%%
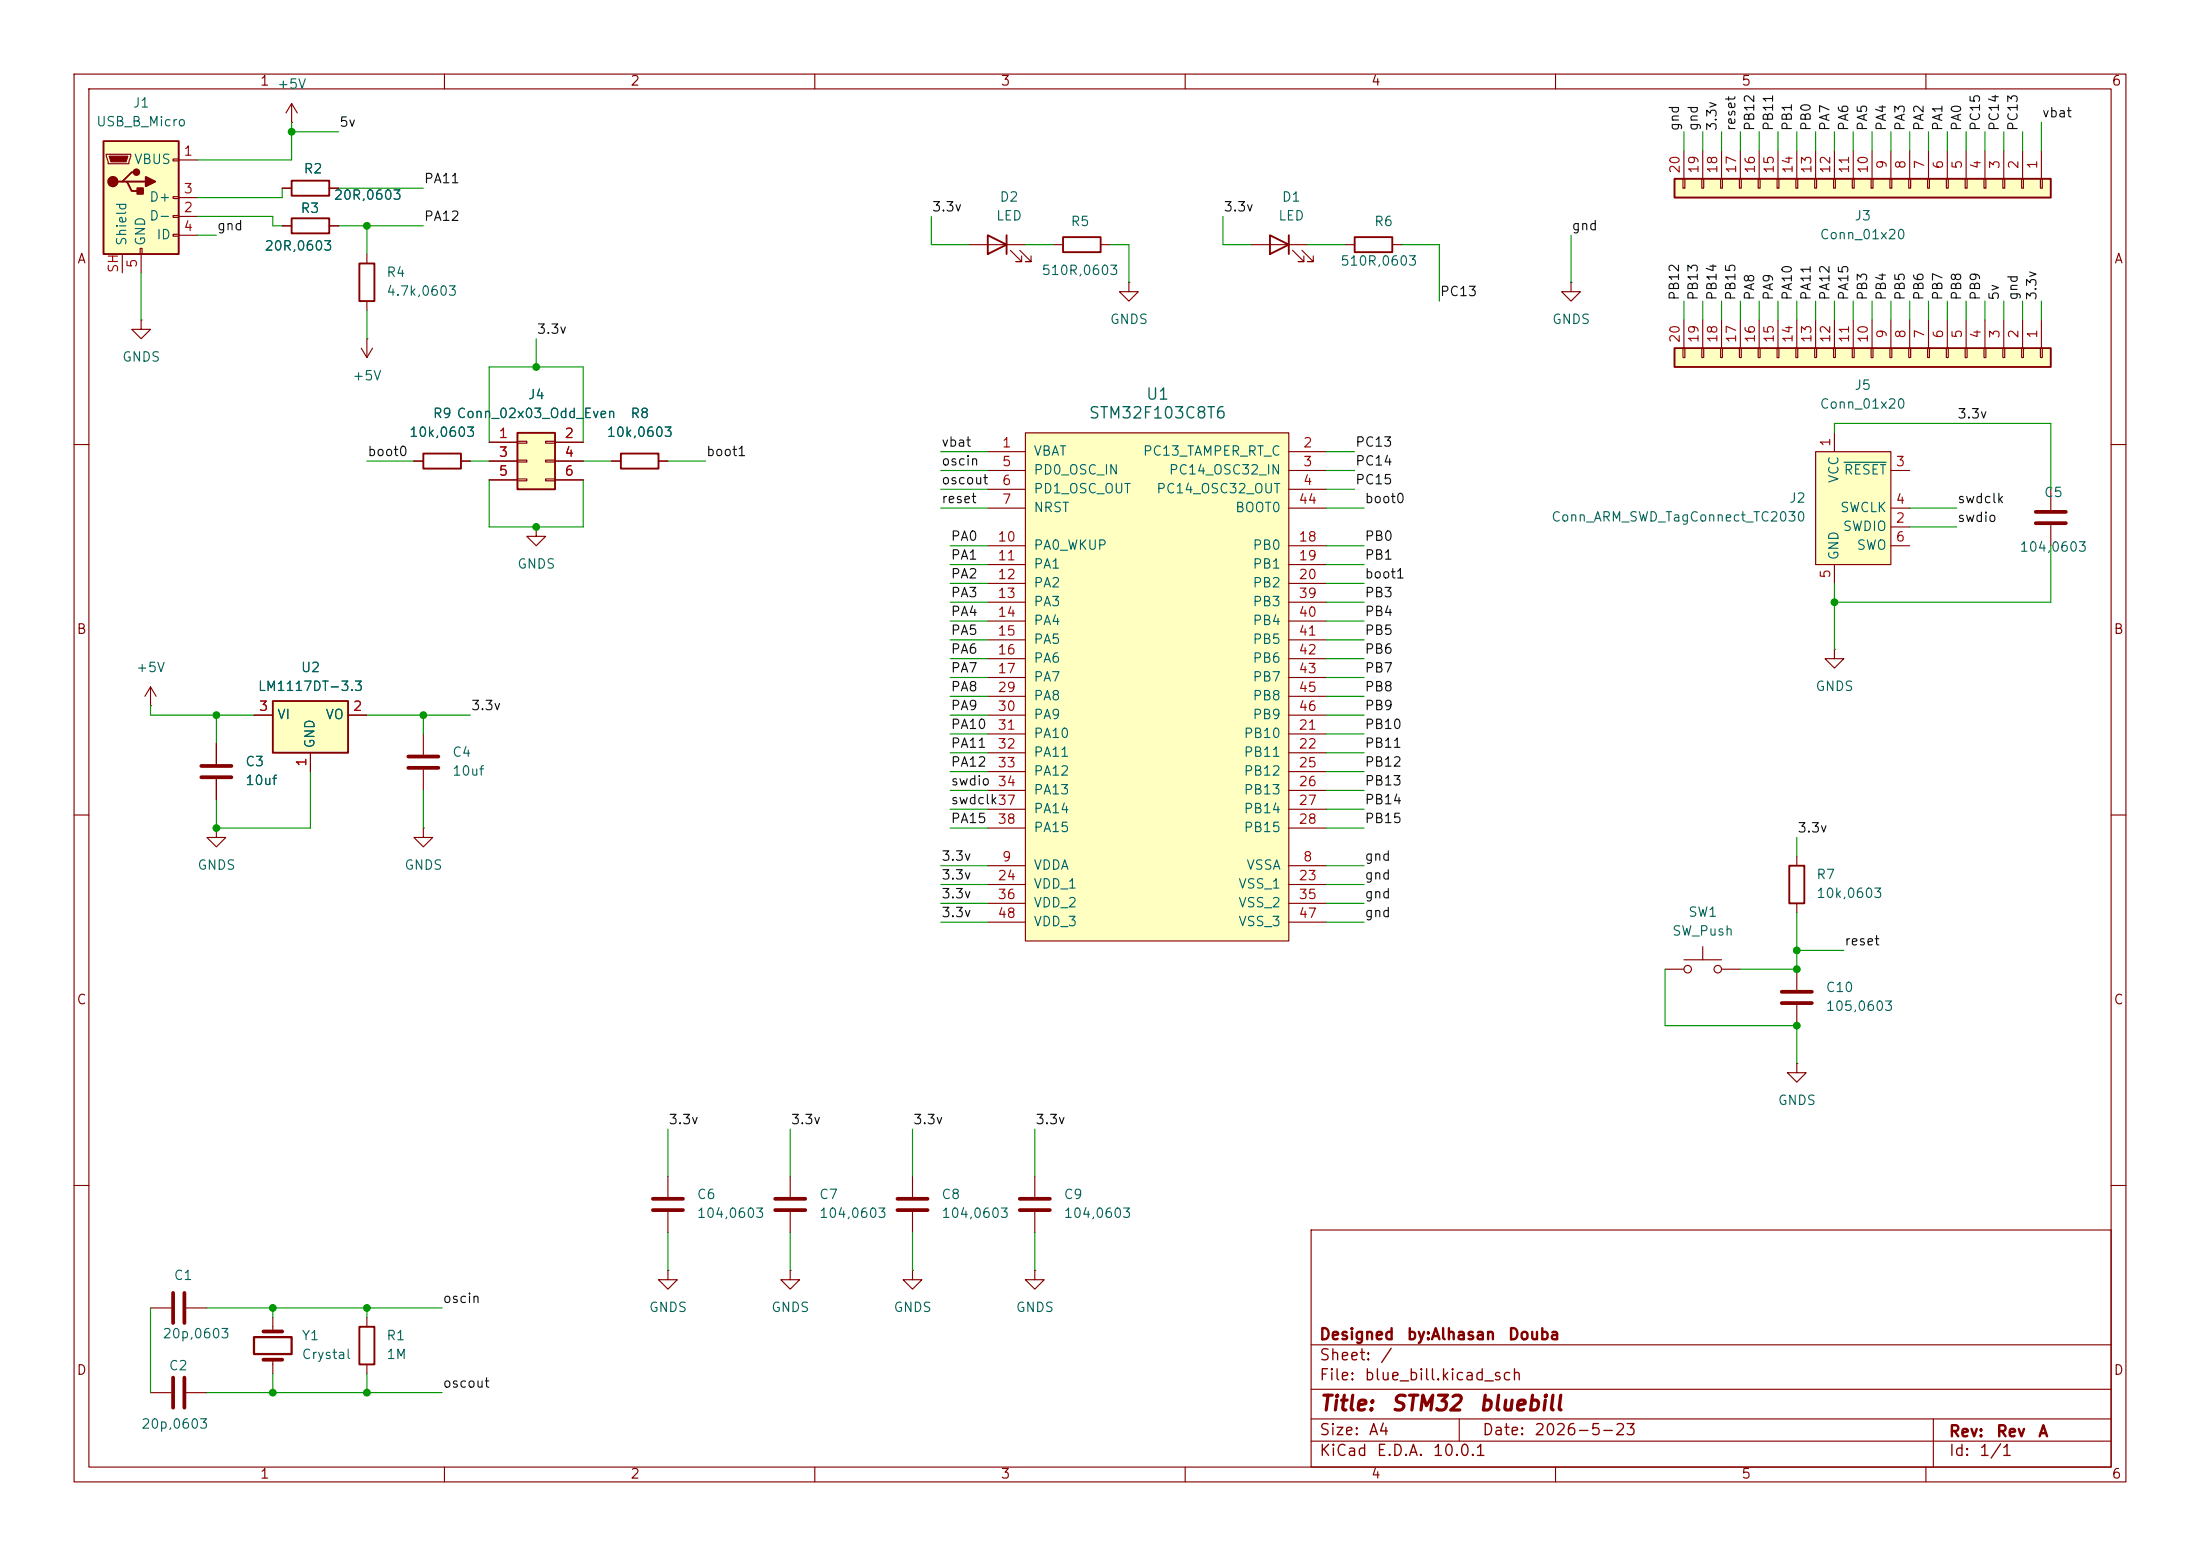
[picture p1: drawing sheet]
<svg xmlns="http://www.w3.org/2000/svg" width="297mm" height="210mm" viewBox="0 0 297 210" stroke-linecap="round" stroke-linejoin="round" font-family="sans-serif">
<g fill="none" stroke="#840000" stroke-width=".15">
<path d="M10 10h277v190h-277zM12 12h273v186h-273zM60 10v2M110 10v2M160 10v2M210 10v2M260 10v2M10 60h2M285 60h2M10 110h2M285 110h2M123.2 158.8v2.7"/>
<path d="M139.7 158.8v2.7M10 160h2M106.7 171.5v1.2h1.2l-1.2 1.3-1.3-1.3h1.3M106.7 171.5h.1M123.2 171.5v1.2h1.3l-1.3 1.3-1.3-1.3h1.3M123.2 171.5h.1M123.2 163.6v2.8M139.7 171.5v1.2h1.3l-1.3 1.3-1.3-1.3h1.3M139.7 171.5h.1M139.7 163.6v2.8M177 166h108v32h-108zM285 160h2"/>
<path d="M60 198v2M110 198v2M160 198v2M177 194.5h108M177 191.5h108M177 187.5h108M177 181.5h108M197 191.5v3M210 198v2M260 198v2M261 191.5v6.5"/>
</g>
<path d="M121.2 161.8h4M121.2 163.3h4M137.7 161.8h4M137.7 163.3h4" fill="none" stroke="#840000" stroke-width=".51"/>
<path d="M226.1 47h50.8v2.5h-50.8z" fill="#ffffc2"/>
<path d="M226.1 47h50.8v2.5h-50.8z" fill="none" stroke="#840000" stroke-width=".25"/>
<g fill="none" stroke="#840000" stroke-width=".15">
%%
▶ [Task description]: Write out all the data exactly, minus pictures.

▶ [Answer to the exercise]:
[picture p1: drawing sheet]
<svg xmlns="http://www.w3.org/2000/svg" width="297mm" height="210mm" viewBox="0 0 297 210" stroke-linecap="round" stroke-linejoin="round" font-family="sans-serif">
<g fill="none" stroke="#840000" stroke-width=".15">
<path d="M10 10h277v190h-277zM12 12h273v186h-273zM60 10v2M110 10v2M160 10v2M210 10v2M260 10v2M10 60h2M285 60h2M10 110h2M285 110h2M123.2 158.8v2.7"/>
<path d="M139.7 158.8v2.7M10 160h2M106.7 171.5v1.2h1.2l-1.2 1.3-1.3-1.3h1.3M106.7 171.5h.1M123.2 171.5v1.2h1.3l-1.3 1.3-1.3-1.3h1.3M123.2 171.5h.1M123.2 163.6v2.8M139.7 171.5v1.2h1.3l-1.3 1.3-1.3-1.3h1.3M139.7 171.5h.1M139.7 163.6v2.8M177 166h108v32h-108zM285 160h2"/>
<path d="M60 198v2M110 198v2M160 198v2M177 194.5h108M177 191.5h108M177 187.5h108M177 181.5h108M197 191.5v3M210 198v2M260 198v2M261 191.5v6.5"/>
</g>
<path d="M121.2 161.8h4M121.2 163.3h4M137.7 161.8h4M137.7 163.3h4" fill="none" stroke="#840000" stroke-width=".51"/>
<path d="M226.1 47h50.8v2.5h-50.8z" fill="#ffffc2"/>
<path d="M226.1 47h50.8v2.5h-50.8z" fill="none" stroke="#840000" stroke-width=".25"/>
<g fill="none" stroke="#840000" stroke-width=".15">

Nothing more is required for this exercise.